Master Iroh had only been able to give Sokka a cursory introduction to the White Lotus’ tricks of the trade before Ba Sing Se had fallen, so he wasn’t sure whether there was any quick way to find a White Lotus member in Fire Fountain City, and he couldn’t very well go around challenging every person on the street to a Pai Sho match, so they needed some other way to make money. In that case, Sokka thought it was a very good thing that they had Toph Beifong on their side. Using her earthbending to win Earth Rumbles was, in his opinion, a very respectable way to make use of her talents – but using her bending to scam a street con artists out of his cash, turning the tables on a sneaky dealer who was trying to cheat his way to a quick coin? Genius!

The Water Tribes would always be the smartest nation, owing to the simple fact that they had Sokka’s Dad – and even his little sister in her more inspired moments, Painted Lady shenanigans notwithstanding – but even Sokka had to admit that the Earth Kingdom seemed to be enjoying a surge of sneaky-smart women like Toph and Suki. The Earth Kingdom did also boast Bumi, and possibly Jet as well, maybe, which lost them quite a few points; but then again, the Water Tribes had Pakku and that utter prick Hahn, so it kind of evened out.

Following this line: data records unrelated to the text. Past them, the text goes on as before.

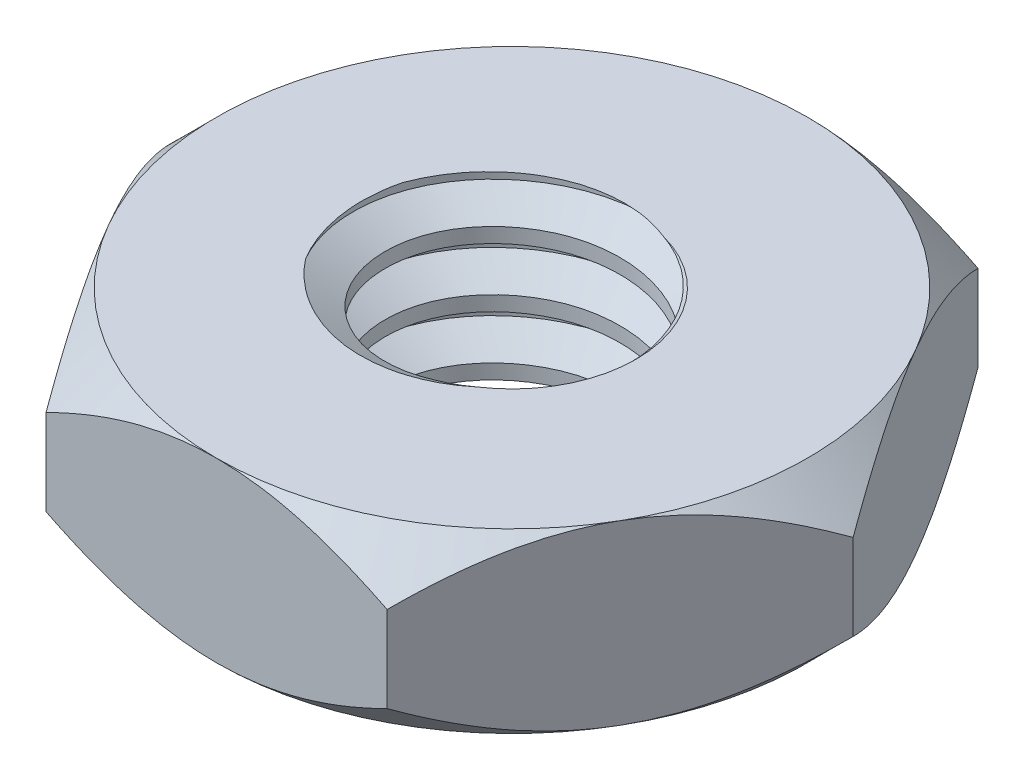
SolidWorks part; units mm, degrees
ref_plane "Front Plane" through (0, 0, 0) normal (0, 0, 1) x (1, 0, 0)
ref_plane "Top Plane" through (0, 0, 0) normal (0, 1, 0) x (1, 0, 0)
ref_plane "Right Plane" through (0, 0, 0) normal (1, 0, 0) x (0, 0, -1)
sketch "Sketch1" plane through (0, 0, 0) normal (0, 1, 0) x (1, 0, 0)
  line L1 (2.8868, 0) -> (1.4434, 2.5)
  line L2 (1.4434, 2.5) -> (-1.4434, 2.5)
  line L3 (-1.4434, 2.5) -> (-2.8868, 0)
  line L4 (-2.8868, 0) -> (-1.4434, -2.5)
  line L5 (-1.4434, -2.5) -> (1.4434, -2.5)
  line L6 (1.4434, -2.5) -> (2.8868, 0)
  circle A0 centre (0, 0) radius 2.5 construction
  dimension "D1" = 5
extrude "Boss-Extrude1" add sketch "Sketch1" along normal mid plane 1.5
sketch "Sketch2" plane through (0, 0.75, 0) normal (0, 1, 0) x (1, 0, 0)
  line L0 (1.4434, 2.5) -> (-1.4434, 2.5) construction
  circle A0 centre (0, 0) radius 2.5
extrude "Cut-Extrude1" cut sketch "Sketch2" against normal through all draft 45 flip side to cut
mirror "Mirror1" about plane through (0, 0, 0) normal (0, 1, 0) of "Cut-Extrude1"
sketch "Sketch3" plane through (0, 0.75, 0) normal (0, 1, 0) x (1, 0, 0)
  circle A0 centre (0, 0) radius 1
  dimension "D1" = 2
extrude "Cut-Extrude2" cut sketch "Sketch3" against normal through all
chamfer "Chamfer1" distance 0.05 angle 45 2 edges at (0, -0.75, 1) (0, 0.75, 1)
thread "Thread1" pitch 0.5 method cut profile "Thread Profile1" start angle 0, offset 1, length 0, pitch 0.5, diameter 2
ref_plane "Plane1" through (1, -1.7, 0) normal (0, 0, 1) x (1, 0, 0)
sketch "Thread Profile1" plane through (1, -1.7, 0) normal (0, 0, 1) x (1, 0, 0)
  line L0 (0, 0) -> (0, 0.5) construction
  line L1 (0, 0) -> (0.2706, 0.1562)
  line L2 (0.2706, 0.1562) -> (0.2706, 0.2187)
  line L3 (0.2706, 0.2187) -> (0, 0.375)
  line L4 (0.2706, 0.1875) -> (0, 0.1875) construction
  line L11 (0, 0) -> (0, 0.375)
  point P2 (0, 0)
  dimension "Pitch" = 0.5
  dimension "Profile_Angle" = 60
  dimension "Profile_Land" = 0.0625
  dimension "Profile_Height" = 0.2706
equation "\"Nut Head Dia\"= 5mm"
equation "\"Nut Head Thickness\"= 1.5mm"
equation "\"Nut hole Dia\"= 2mm"
equation "\"D1@Sketch1\"=\"Nut Head Dia\""
equation "\"D1@Boss-Extrude1\"=\"Nut Head Thickness\""
equation "\"D1@Sketch3\"=\"Nut hole Dia\""
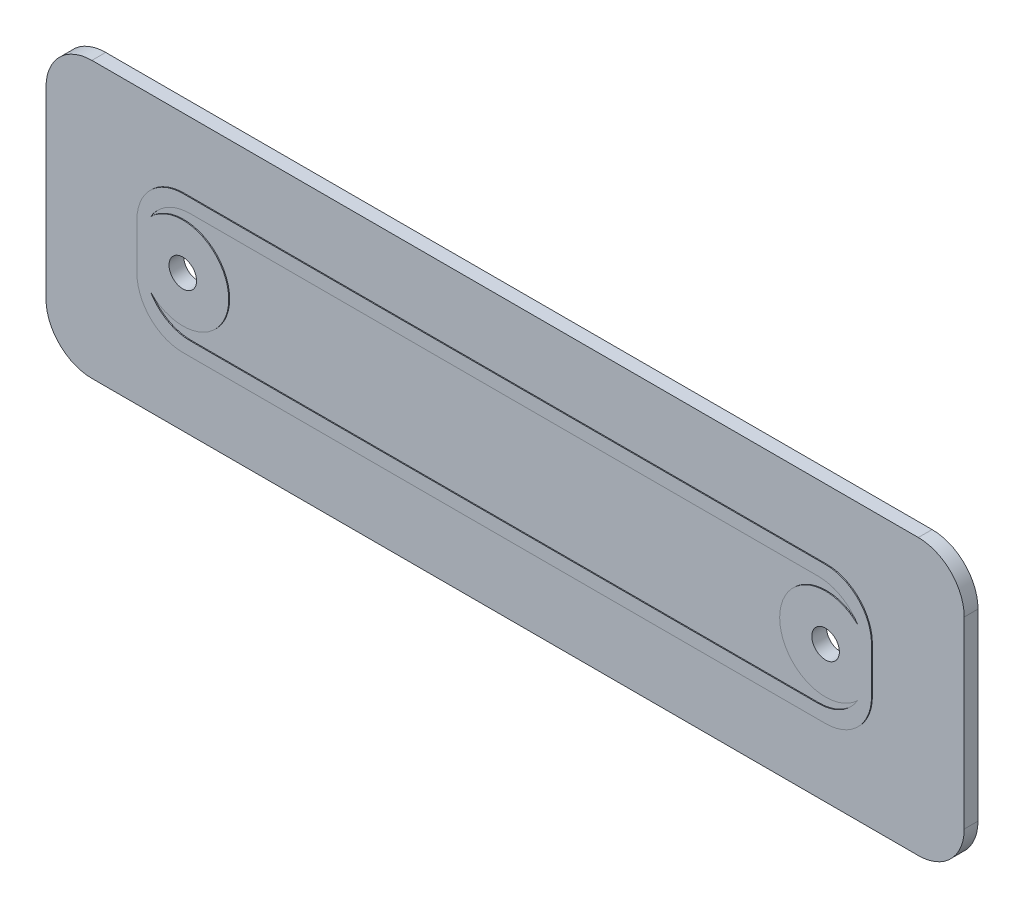
SolidWorks part; units mm, degrees
ref_plane "Front Plane" through (0, 0, 0) normal (0, 0, 1) x (1, 0, 0)
ref_plane "Top Plane" through (0, 0, 0) normal (0, 1, 0) x (1, 0, 0)
ref_plane "Right Plane" through (0, 0, 0) normal (1, 0, 0) x (0, 0, -1)
sketch "Sketch1" plane through (0, 0, 0) normal (0, 0, 1) x (1, 0, 0)
  line L1 (-50, 15) -> (50, 15)
  line L2 (-50, 15) -> (-50, -15)
  line L3 (-50, -15) -> (50, -15)
  line L4 (50, 15) -> (50, -15)
  line L5 (-50, 15) -> (50, -15) construction
  line L6 (-50, -15) -> (50, 15) construction
  point P0 (0, 0)
  dimension "D1" = 100
  dimension "D2" = 30
extrude "Boss-Extrude1" add sketch "Sketch1" along normal blind 1.5
sketch "Sketch2" plane through (0, 0, 1.5) normal (0, 0, 1) x (1, 0, 0)
  line L1 (-40, 7.5) -> (40, 7.5)
  line L2 (-40, 7.5) -> (-40, -7.5)
  line L3 (-40, -7.5) -> (40, -7.5)
  line L4 (40, 7.5) -> (40, -7.5)
  line L5 (-40, 7.5) -> (40, -7.5) construction
  line L6 (-40, -7.5) -> (40, 7.5) construction
  point P0 (0, 0)
  dimension "D1" = 80
  dimension "D2" = 15
extrude "Extrude-Thin1" add sketch "Sketch2" along normal blind 0.1 thin thin type one direction reverse wall 1.5
sketch "Sketch3" plane through (0, 0, 1.5) normal (0, 0, 1) x (1, 0, 0)
  line L0 (0, 12.3228) -> (0, -10.7897) construction
  circle A0 centre (-35, 0) radius 5
  circle A1 centre (35, 0) radius 5
  dimension "D1" = 10
  dimension "D2" = 35
extrude "Boss-Extrude2" add sketch "Sketch3" along normal up to surface (0.1 mm away) up to face at (0, 0, 1.6)
sketch "Sketch4" plane through (0, 0, 1.6) normal (0, 0, 1) x (1, 0, 0)
  line L0 (0, 11.031) -> (0, -19.5989) construction
  circle A0 centre (-35, 0) radius 1.5
  circle A1 centre (35, 0) radius 1.5
  dimension "D1" = 3
extrude "Cut-Extrude1" cut sketch "Sketch4" against normal through all both and the other way through all
fillet "Fillet1" radius 5 12 edges at (40, 7.5, 1.55) (40, -7.5, 1.55) (-40, 7.5, 1.55) (-40, -7.5, 1.55) (-50, 15, 0.75) (-50, -15, 0.75) (50, -15, 0.75) (50, 15, 0.75) (38.5, -6, 1.55) (38.5, 6, 1.55) (-38.5, -6, 1.55) (-38.5, 6, 1.55)

Still, rather than compete, the Water Tribes and the Earth Kingdom were united today in a common goal: to scam the scammers, to con the con artists, and to get as much copper, silver and maybe even gold as they could out of the Fire Nation schmucks. They even had the Avatar on their side as they were doing it, even if Aang still had to wear his headband to hide his identity. All that secrecy and balance and harmony and whatnot; even if Master Piandao might have preferred it if the guys they were conning out of their money weren’t Fire Nation, Sokka was pretty sure this was what the Order of the White Lotus was all about!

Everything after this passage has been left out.